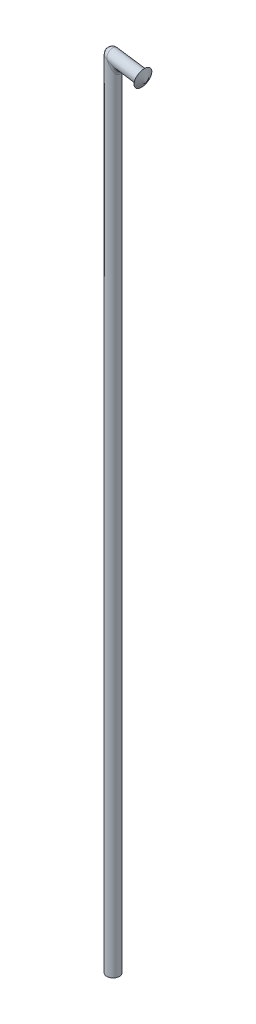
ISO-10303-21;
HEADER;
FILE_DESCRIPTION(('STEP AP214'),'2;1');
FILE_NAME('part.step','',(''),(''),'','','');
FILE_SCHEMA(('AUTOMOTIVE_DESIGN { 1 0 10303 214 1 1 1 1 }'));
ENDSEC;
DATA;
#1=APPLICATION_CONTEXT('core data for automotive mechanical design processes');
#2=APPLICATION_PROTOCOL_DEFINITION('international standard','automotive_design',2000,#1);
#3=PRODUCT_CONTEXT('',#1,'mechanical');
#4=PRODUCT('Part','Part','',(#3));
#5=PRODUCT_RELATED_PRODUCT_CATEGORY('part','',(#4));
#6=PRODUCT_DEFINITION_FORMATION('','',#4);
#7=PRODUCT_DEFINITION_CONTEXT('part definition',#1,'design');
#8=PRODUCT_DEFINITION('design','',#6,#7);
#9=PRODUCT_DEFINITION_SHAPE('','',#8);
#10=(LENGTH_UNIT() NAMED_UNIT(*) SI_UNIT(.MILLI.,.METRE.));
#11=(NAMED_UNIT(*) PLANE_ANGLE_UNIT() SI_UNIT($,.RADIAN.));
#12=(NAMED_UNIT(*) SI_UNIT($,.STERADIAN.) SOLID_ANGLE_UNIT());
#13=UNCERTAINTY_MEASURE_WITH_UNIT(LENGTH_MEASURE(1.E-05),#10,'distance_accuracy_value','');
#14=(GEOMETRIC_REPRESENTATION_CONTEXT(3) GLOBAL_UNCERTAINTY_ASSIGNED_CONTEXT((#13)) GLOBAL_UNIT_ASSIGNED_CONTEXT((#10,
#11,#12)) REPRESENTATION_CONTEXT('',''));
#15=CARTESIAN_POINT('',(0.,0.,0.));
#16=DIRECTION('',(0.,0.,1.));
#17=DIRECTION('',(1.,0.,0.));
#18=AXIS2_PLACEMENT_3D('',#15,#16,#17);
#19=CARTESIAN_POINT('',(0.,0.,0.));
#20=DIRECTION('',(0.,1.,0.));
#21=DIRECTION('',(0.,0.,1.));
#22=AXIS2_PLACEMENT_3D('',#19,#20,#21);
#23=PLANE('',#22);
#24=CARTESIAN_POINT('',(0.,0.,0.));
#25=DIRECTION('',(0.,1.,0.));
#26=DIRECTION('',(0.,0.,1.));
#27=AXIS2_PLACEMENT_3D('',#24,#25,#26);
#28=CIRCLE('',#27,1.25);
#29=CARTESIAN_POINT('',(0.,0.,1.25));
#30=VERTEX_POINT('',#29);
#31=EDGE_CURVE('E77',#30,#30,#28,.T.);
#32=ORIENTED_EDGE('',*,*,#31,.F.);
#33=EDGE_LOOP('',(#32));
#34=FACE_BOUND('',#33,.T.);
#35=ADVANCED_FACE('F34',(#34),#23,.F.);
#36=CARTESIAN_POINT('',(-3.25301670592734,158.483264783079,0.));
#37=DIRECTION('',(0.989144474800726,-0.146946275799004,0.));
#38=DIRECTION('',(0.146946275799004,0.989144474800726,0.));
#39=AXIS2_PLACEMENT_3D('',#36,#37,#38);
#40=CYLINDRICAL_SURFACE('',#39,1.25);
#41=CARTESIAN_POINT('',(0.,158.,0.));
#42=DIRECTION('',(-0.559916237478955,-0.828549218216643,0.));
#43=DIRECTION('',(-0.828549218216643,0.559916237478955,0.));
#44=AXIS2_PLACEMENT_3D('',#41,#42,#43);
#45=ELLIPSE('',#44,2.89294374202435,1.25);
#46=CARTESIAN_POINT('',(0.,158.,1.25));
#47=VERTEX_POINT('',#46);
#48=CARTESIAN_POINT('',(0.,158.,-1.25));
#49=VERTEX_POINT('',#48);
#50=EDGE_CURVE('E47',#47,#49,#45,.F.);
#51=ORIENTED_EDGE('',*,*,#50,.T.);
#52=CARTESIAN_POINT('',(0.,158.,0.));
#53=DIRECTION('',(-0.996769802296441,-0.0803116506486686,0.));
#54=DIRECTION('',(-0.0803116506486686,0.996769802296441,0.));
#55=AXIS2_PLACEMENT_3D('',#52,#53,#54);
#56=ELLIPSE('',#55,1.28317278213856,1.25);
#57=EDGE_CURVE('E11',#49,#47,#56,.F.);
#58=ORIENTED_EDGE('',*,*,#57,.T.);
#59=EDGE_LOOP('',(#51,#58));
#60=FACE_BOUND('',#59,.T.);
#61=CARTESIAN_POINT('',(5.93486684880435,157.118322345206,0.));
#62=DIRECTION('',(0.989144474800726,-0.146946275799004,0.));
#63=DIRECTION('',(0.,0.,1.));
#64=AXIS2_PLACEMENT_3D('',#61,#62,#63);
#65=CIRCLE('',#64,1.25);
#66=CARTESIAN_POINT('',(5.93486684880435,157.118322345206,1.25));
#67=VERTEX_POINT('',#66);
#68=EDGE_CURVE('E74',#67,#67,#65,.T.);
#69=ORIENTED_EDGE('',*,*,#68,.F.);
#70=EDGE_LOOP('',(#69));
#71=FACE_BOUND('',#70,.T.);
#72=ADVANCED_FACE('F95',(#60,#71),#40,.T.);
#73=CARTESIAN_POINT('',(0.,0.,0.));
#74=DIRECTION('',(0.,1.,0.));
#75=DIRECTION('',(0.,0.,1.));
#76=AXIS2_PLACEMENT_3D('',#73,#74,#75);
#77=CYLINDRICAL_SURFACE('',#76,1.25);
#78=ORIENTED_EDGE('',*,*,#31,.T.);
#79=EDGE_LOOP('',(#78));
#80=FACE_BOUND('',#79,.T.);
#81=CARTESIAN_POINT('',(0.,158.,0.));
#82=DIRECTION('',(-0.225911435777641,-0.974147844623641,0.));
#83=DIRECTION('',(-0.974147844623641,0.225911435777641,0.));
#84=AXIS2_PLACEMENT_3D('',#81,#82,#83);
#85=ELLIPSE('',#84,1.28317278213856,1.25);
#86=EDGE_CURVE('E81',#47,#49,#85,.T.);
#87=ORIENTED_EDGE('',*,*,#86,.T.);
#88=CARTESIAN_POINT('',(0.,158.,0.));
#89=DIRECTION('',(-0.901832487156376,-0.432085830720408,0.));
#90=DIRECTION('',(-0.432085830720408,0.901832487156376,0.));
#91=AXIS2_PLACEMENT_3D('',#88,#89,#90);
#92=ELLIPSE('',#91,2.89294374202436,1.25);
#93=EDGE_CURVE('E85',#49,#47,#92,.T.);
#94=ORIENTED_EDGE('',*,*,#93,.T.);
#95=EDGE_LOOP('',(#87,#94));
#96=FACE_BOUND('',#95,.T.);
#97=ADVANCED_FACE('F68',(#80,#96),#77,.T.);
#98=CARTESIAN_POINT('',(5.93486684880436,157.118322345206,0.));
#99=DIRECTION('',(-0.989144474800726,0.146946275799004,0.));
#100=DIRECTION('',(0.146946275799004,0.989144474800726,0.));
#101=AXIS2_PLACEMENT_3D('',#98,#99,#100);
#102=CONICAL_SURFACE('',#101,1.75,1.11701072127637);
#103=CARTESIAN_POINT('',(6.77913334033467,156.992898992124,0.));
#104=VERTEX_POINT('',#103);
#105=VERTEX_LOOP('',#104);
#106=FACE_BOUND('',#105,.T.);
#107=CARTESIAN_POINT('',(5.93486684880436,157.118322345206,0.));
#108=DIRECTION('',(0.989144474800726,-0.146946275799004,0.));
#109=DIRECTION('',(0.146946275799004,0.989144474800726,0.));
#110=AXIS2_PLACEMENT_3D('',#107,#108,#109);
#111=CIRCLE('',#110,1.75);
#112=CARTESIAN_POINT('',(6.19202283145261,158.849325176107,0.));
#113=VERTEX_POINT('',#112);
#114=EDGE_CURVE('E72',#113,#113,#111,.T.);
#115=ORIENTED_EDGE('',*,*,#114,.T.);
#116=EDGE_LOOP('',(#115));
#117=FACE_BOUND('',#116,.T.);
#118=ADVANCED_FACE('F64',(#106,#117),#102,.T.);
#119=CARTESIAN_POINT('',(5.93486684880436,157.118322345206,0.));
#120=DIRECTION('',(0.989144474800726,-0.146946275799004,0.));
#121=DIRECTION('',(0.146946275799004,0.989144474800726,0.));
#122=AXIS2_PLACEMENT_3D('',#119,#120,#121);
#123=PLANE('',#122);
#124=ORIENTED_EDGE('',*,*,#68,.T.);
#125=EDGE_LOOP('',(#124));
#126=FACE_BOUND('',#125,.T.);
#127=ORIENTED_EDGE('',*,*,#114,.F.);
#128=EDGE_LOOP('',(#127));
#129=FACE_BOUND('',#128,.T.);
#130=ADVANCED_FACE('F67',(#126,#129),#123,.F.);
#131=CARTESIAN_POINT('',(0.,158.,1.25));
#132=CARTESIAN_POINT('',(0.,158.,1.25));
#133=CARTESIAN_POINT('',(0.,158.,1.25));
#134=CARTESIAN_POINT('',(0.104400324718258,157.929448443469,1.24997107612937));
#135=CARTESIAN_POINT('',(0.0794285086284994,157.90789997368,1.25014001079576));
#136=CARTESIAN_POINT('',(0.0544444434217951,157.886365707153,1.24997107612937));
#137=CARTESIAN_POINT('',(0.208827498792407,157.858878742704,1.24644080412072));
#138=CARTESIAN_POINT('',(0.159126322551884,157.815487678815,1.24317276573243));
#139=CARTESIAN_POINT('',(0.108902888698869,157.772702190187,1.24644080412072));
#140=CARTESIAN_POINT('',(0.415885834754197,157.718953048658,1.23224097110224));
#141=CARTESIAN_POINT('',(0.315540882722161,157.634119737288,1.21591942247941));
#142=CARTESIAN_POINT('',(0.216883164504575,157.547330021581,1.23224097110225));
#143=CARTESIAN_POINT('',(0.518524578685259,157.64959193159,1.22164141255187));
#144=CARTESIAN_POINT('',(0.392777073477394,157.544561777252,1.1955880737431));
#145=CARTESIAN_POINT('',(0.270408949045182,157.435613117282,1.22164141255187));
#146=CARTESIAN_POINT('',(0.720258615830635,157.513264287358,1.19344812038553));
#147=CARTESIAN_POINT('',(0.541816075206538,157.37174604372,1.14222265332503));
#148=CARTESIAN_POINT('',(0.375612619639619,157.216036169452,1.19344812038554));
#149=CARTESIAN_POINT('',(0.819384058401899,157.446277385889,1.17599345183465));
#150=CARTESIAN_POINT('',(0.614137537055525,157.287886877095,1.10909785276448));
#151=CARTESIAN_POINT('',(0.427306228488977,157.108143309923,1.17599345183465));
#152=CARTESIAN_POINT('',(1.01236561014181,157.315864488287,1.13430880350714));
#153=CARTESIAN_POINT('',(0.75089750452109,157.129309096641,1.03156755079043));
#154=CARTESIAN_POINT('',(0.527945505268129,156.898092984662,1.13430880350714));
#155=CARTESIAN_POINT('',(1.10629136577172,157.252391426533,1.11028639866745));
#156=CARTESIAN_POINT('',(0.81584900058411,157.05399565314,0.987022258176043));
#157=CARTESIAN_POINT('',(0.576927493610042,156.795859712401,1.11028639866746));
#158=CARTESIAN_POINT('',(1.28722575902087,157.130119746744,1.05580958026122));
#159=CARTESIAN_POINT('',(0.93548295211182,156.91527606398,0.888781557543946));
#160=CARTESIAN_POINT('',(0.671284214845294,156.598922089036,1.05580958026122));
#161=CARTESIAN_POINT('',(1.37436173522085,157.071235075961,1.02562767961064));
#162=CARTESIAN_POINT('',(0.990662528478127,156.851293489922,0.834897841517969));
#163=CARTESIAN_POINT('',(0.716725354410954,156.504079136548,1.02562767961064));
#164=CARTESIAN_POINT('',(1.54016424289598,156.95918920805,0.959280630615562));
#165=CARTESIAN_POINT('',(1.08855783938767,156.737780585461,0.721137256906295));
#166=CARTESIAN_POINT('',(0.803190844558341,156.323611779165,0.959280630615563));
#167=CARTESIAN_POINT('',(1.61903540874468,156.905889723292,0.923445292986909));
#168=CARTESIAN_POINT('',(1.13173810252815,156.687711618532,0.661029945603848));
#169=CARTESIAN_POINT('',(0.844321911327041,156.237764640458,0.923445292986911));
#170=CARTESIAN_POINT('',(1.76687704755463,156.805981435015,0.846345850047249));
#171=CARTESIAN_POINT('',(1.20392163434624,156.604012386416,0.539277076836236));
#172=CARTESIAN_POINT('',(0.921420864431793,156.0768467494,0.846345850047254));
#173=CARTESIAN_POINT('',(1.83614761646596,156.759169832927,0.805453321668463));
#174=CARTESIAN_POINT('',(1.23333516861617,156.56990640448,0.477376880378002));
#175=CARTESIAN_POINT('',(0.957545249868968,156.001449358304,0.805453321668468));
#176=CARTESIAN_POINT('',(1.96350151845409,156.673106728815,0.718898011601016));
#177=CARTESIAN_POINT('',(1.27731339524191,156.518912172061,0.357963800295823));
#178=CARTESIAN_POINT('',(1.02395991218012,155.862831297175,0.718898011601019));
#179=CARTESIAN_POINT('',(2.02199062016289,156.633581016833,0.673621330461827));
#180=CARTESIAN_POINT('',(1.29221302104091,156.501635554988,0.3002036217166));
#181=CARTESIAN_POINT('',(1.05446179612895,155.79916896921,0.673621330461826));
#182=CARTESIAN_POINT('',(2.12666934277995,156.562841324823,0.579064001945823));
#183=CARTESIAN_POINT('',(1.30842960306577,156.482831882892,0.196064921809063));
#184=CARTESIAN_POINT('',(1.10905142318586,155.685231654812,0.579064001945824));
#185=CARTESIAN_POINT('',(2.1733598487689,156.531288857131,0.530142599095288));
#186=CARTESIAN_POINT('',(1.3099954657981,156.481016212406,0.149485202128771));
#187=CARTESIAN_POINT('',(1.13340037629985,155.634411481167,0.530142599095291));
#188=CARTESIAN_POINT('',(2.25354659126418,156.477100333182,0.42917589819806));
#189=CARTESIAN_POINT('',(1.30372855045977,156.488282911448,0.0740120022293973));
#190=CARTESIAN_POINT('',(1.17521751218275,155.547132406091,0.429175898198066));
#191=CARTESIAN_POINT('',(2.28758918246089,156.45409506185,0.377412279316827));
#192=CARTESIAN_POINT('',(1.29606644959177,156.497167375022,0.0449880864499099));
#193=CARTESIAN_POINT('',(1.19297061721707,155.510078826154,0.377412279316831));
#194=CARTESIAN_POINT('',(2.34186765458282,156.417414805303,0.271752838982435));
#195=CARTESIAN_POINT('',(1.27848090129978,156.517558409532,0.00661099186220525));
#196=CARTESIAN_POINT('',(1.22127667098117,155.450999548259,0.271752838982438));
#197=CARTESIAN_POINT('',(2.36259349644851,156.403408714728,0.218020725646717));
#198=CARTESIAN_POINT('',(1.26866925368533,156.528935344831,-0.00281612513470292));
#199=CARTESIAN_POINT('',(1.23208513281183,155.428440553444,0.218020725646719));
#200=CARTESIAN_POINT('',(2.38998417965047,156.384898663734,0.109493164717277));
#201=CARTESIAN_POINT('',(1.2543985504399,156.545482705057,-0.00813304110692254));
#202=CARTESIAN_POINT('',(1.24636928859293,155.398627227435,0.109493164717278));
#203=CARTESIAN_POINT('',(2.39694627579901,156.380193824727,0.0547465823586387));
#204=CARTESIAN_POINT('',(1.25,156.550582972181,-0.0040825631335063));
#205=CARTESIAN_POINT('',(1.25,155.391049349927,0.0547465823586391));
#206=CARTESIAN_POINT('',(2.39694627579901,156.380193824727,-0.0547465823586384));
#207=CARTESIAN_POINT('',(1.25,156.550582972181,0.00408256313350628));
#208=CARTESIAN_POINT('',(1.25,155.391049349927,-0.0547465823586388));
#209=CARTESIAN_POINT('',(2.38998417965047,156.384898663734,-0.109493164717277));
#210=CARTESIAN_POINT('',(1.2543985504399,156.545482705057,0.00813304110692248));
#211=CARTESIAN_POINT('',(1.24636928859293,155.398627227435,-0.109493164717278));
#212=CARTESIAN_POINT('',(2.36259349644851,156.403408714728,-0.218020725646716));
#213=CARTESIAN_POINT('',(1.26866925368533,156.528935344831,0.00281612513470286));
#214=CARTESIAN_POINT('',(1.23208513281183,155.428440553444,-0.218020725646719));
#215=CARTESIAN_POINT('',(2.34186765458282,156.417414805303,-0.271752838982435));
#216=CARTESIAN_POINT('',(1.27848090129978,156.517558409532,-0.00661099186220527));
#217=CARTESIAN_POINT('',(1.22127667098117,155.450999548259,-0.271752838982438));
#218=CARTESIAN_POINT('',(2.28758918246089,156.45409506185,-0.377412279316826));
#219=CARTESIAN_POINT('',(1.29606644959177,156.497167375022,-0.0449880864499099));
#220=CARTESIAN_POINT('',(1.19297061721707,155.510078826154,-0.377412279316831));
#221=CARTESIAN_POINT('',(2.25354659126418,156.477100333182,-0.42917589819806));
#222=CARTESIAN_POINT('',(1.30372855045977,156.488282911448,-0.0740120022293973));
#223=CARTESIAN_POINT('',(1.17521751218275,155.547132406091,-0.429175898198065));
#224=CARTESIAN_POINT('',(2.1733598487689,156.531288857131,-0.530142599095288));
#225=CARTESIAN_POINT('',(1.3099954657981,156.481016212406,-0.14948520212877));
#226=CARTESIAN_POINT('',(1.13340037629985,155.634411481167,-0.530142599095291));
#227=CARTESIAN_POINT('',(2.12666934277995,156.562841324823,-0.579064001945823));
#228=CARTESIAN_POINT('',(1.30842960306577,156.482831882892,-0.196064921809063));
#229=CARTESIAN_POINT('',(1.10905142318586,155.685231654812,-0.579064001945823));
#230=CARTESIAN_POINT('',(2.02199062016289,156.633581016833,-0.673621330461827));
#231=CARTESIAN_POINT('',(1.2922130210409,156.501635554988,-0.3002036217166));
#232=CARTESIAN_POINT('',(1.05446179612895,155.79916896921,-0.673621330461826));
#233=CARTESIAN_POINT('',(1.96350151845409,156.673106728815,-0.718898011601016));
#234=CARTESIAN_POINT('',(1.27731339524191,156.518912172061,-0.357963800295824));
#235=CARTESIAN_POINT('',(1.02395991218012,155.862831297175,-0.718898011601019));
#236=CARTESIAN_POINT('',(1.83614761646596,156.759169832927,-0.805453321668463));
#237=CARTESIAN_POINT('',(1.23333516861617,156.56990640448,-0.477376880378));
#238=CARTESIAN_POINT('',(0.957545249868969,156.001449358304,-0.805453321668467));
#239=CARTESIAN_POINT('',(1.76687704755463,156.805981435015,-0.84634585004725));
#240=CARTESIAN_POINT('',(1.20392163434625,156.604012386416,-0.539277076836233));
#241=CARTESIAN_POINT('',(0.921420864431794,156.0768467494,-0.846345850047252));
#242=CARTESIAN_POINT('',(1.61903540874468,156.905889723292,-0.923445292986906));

Prompt: Find "#41=CARTESIAN_POINT('',(0.,158.,0.));" in the entries above and copy that whole line exactly, then each line after it through the line that contains "#64=AXIS2_PLACEMENT_3D('',#61,#62,#63);".

Written answer:
#41=CARTESIAN_POINT('',(0.,158.,0.));
#42=DIRECTION('',(-0.559916237478955,-0.828549218216643,0.));
#43=DIRECTION('',(-0.828549218216643,0.559916237478955,0.));
#44=AXIS2_PLACEMENT_3D('',#41,#42,#43);
#45=ELLIPSE('',#44,2.89294374202435,1.25);
#46=CARTESIAN_POINT('',(0.,158.,1.25));
#47=VERTEX_POINT('',#46);
#48=CARTESIAN_POINT('',(0.,158.,-1.25));
#49=VERTEX_POINT('',#48);
#50=EDGE_CURVE('E47',#47,#49,#45,.F.);
#51=ORIENTED_EDGE('',*,*,#50,.T.);
#52=CARTESIAN_POINT('',(0.,158.,0.));
#53=DIRECTION('',(-0.996769802296441,-0.0803116506486686,0.));
#54=DIRECTION('',(-0.0803116506486686,0.996769802296441,0.));
#55=AXIS2_PLACEMENT_3D('',#52,#53,#54);
#56=ELLIPSE('',#55,1.28317278213856,1.25);
#57=EDGE_CURVE('E11',#49,#47,#56,.F.);
#58=ORIENTED_EDGE('',*,*,#57,.T.);
#59=EDGE_LOOP('',(#51,#58));
#60=FACE_BOUND('',#59,.T.);
#61=CARTESIAN_POINT('',(5.93486684880435,157.118322345206,0.));
#62=DIRECTION('',(0.989144474800726,-0.146946275799004,0.));
#63=DIRECTION('',(0.,0.,1.));
#64=AXIS2_PLACEMENT_3D('',#61,#62,#63);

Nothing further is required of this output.